Repeat each record exactly. Any picture gets left out.

Dataset records below:

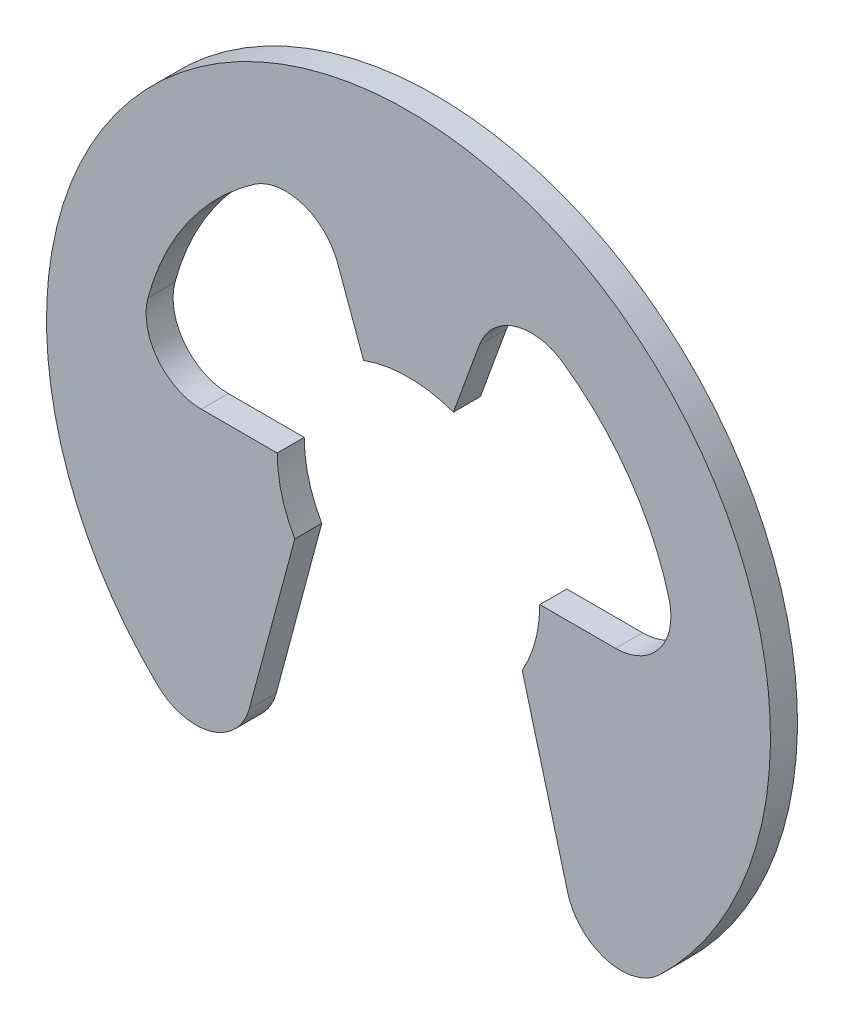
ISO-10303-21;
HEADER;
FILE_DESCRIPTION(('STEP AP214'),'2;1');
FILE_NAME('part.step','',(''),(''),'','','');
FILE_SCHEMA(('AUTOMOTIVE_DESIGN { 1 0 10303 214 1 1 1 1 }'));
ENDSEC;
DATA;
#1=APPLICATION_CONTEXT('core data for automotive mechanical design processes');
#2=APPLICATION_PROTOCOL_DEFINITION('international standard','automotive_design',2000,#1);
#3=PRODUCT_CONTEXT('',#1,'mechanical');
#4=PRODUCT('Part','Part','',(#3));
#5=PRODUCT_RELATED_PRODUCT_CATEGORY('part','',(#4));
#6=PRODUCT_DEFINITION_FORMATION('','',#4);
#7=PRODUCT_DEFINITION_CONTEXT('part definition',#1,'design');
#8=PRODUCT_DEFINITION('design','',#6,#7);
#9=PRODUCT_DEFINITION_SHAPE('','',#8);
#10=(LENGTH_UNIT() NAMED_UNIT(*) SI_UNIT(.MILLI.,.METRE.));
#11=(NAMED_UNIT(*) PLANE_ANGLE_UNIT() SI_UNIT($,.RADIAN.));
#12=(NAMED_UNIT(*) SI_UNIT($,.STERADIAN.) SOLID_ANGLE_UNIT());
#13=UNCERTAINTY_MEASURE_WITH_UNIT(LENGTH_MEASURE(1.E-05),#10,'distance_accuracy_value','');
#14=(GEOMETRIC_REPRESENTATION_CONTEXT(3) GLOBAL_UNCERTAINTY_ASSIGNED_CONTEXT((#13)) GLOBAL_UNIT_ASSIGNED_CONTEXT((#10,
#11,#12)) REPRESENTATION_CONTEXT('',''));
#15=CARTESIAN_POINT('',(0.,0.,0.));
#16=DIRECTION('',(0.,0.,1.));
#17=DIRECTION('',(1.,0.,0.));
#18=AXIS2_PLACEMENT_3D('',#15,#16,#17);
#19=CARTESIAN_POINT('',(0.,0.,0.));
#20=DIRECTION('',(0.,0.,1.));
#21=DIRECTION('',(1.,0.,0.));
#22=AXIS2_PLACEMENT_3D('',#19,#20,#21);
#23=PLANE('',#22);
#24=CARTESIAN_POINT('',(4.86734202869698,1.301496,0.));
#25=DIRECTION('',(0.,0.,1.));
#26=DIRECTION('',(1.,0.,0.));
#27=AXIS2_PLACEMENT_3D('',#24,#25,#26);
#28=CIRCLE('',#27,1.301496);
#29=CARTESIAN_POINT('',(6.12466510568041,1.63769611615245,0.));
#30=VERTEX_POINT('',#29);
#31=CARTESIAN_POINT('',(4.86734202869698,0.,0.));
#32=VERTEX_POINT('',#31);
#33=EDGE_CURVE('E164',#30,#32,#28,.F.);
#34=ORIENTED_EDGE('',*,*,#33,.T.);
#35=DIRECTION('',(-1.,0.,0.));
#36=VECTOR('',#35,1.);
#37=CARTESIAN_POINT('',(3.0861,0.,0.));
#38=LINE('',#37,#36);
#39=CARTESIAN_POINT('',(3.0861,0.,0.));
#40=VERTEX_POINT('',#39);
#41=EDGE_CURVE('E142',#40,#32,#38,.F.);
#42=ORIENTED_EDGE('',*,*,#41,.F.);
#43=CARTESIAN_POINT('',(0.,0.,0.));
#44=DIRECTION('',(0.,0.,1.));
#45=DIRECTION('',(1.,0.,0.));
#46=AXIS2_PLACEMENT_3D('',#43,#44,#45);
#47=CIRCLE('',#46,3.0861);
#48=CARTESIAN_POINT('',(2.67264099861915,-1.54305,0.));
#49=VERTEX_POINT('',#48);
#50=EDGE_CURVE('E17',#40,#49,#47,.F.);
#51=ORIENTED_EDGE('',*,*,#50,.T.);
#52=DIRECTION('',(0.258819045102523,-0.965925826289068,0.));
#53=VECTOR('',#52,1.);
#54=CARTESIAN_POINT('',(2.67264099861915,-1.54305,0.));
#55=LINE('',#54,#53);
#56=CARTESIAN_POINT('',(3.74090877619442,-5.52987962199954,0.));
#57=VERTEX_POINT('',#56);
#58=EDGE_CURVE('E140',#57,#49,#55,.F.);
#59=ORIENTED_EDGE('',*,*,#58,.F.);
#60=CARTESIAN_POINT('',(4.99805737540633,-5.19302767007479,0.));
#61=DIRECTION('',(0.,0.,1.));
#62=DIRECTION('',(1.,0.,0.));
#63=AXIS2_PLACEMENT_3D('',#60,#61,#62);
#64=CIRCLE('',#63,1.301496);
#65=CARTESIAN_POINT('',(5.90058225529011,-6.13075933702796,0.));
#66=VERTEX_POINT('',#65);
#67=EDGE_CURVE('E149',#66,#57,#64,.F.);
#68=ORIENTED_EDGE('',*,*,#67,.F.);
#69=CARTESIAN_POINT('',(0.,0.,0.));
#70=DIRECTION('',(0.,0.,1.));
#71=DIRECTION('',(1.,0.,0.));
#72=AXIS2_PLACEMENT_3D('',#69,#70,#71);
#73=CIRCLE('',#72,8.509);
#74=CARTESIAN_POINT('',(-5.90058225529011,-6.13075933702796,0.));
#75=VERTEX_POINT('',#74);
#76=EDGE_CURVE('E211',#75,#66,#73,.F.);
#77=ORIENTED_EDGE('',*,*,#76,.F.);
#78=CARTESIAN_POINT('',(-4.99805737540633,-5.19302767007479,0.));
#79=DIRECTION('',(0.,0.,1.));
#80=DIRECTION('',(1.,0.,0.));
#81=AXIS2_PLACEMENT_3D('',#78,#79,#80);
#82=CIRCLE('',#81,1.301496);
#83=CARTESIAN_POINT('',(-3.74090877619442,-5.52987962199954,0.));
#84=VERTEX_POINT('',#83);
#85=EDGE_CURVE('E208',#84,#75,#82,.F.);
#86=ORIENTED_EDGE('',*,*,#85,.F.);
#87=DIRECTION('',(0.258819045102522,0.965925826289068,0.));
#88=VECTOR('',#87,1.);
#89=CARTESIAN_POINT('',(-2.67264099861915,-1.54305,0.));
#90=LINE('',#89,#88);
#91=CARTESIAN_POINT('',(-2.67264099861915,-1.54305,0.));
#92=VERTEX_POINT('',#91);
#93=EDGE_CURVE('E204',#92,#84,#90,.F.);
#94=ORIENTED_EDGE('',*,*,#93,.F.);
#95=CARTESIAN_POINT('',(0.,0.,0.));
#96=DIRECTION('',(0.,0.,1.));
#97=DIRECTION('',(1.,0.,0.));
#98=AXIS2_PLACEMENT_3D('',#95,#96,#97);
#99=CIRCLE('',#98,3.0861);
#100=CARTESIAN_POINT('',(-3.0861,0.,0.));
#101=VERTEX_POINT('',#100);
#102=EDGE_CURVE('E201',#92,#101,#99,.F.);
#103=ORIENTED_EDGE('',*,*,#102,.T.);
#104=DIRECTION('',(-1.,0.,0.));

End of Dataset records.

## Task response:
ISO-10303-21;
HEADER;
FILE_DESCRIPTION(('STEP AP214'),'2;1');
FILE_NAME('part.step','',(''),(''),'','','');
FILE_SCHEMA(('AUTOMOTIVE_DESIGN { 1 0 10303 214 1 1 1 1 }'));
ENDSEC;
DATA;
#1=APPLICATION_CONTEXT('core data for automotive mechanical design processes');
#2=APPLICATION_PROTOCOL_DEFINITION('international standard','automotive_design',2000,#1);
#3=PRODUCT_CONTEXT('',#1,'mechanical');
#4=PRODUCT('Part','Part','',(#3));
#5=PRODUCT_RELATED_PRODUCT_CATEGORY('part','',(#4));
#6=PRODUCT_DEFINITION_FORMATION('','',#4);
#7=PRODUCT_DEFINITION_CONTEXT('part definition',#1,'design');
#8=PRODUCT_DEFINITION('design','',#6,#7);
#9=PRODUCT_DEFINITION_SHAPE('','',#8);
#10=(LENGTH_UNIT() NAMED_UNIT(*) SI_UNIT(.MILLI.,.METRE.));
#11=(NAMED_UNIT(*) PLANE_ANGLE_UNIT() SI_UNIT($,.RADIAN.));
#12=(NAMED_UNIT(*) SI_UNIT($,.STERADIAN.) SOLID_ANGLE_UNIT());
#13=UNCERTAINTY_MEASURE_WITH_UNIT(LENGTH_MEASURE(1.E-05),#10,'distance_accuracy_value','');
#14=(GEOMETRIC_REPRESENTATION_CONTEXT(3) GLOBAL_UNCERTAINTY_ASSIGNED_CONTEXT((#13)) GLOBAL_UNIT_ASSIGNED_CONTEXT((#10,
#11,#12)) REPRESENTATION_CONTEXT('',''));
#15=CARTESIAN_POINT('',(0.,0.,0.));
#16=DIRECTION('',(0.,0.,1.));
#17=DIRECTION('',(1.,0.,0.));
#18=AXIS2_PLACEMENT_3D('',#15,#16,#17);
#19=CARTESIAN_POINT('',(0.,0.,0.));
#20=DIRECTION('',(0.,0.,1.));
#21=DIRECTION('',(1.,0.,0.));
#22=AXIS2_PLACEMENT_3D('',#19,#20,#21);
#23=PLANE('',#22);
#24=CARTESIAN_POINT('',(4.86734202869698,1.301496,0.));
#25=DIRECTION('',(0.,0.,1.));
#26=DIRECTION('',(1.,0.,0.));
#27=AXIS2_PLACEMENT_3D('',#24,#25,#26);
#28=CIRCLE('',#27,1.301496);
#29=CARTESIAN_POINT('',(6.12466510568041,1.63769611615245,0.));
#30=VERTEX_POINT('',#29);
#31=CARTESIAN_POINT('',(4.86734202869698,0.,0.));
#32=VERTEX_POINT('',#31);
#33=EDGE_CURVE('E164',#30,#32,#28,.F.);
#34=ORIENTED_EDGE('',*,*,#33,.T.);
#35=DIRECTION('',(-1.,0.,0.));
#36=VECTOR('',#35,1.);
#37=CARTESIAN_POINT('',(3.0861,0.,0.));
#38=LINE('',#37,#36);
#39=CARTESIAN_POINT('',(3.0861,0.,0.));
#40=VERTEX_POINT('',#39);
#41=EDGE_CURVE('E142',#40,#32,#38,.F.);
#42=ORIENTED_EDGE('',*,*,#41,.F.);
#43=CARTESIAN_POINT('',(0.,0.,0.));
#44=DIRECTION('',(0.,0.,1.));
#45=DIRECTION('',(1.,0.,0.));
#46=AXIS2_PLACEMENT_3D('',#43,#44,#45);
#47=CIRCLE('',#46,3.0861);
#48=CARTESIAN_POINT('',(2.67264099861915,-1.54305,0.));
#49=VERTEX_POINT('',#48);
#50=EDGE_CURVE('E17',#40,#49,#47,.F.);
#51=ORIENTED_EDGE('',*,*,#50,.T.);
#52=DIRECTION('',(0.258819045102523,-0.965925826289068,0.));
#53=VECTOR('',#52,1.);
#54=CARTESIAN_POINT('',(2.67264099861915,-1.54305,0.));
#55=LINE('',#54,#53);
#56=CARTESIAN_POINT('',(3.74090877619442,-5.52987962199954,0.));
#57=VERTEX_POINT('',#56);
#58=EDGE_CURVE('E140',#57,#49,#55,.F.);
#59=ORIENTED_EDGE('',*,*,#58,.F.);
#60=CARTESIAN_POINT('',(4.99805737540633,-5.19302767007479,0.));
#61=DIRECTION('',(0.,0.,1.));
#62=DIRECTION('',(1.,0.,0.));
#63=AXIS2_PLACEMENT_3D('',#60,#61,#62);
#64=CIRCLE('',#63,1.301496);
#65=CARTESIAN_POINT('',(5.90058225529011,-6.13075933702796,0.));
#66=VERTEX_POINT('',#65);
#67=EDGE_CURVE('E149',#66,#57,#64,.F.);
#68=ORIENTED_EDGE('',*,*,#67,.F.);
#69=CARTESIAN_POINT('',(0.,0.,0.));
#70=DIRECTION('',(0.,0.,1.));
#71=DIRECTION('',(1.,0.,0.));
#72=AXIS2_PLACEMENT_3D('',#69,#70,#71);
#73=CIRCLE('',#72,8.509);
#74=CARTESIAN_POINT('',(-5.90058225529011,-6.13075933702796,0.));
#75=VERTEX_POINT('',#74);
#76=EDGE_CURVE('E211',#75,#66,#73,.F.);
#77=ORIENTED_EDGE('',*,*,#76,.F.);
#78=CARTESIAN_POINT('',(-4.99805737540633,-5.19302767007479,0.));
#79=DIRECTION('',(0.,0.,1.));
#80=DIRECTION('',(1.,0.,0.));
#81=AXIS2_PLACEMENT_3D('',#78,#79,#80);
#82=CIRCLE('',#81,1.301496);
#83=CARTESIAN_POINT('',(-3.74090877619442,-5.52987962199954,0.));
#84=VERTEX_POINT('',#83);
#85=EDGE_CURVE('E208',#84,#75,#82,.F.);
#86=ORIENTED_EDGE('',*,*,#85,.F.);
#87=DIRECTION('',(0.258819045102522,0.965925826289068,0.));
#88=VECTOR('',#87,1.);
#89=CARTESIAN_POINT('',(-2.67264099861915,-1.54305,0.));
#90=LINE('',#89,#88);
#91=CARTESIAN_POINT('',(-2.67264099861915,-1.54305,0.));
#92=VERTEX_POINT('',#91);
#93=EDGE_CURVE('E204',#92,#84,#90,.F.);
#94=ORIENTED_EDGE('',*,*,#93,.F.);
#95=CARTESIAN_POINT('',(0.,0.,0.));
#96=DIRECTION('',(0.,0.,1.));
#97=DIRECTION('',(1.,0.,0.));
#98=AXIS2_PLACEMENT_3D('',#95,#96,#97);
#99=CIRCLE('',#98,3.0861);
#100=CARTESIAN_POINT('',(-3.0861,0.,0.));
#101=VERTEX_POINT('',#100);
#102=EDGE_CURVE('E201',#92,#101,#99,.F.);
#103=ORIENTED_EDGE('',*,*,#102,.T.);
#104=DIRECTION('',(-1.,0.,0.));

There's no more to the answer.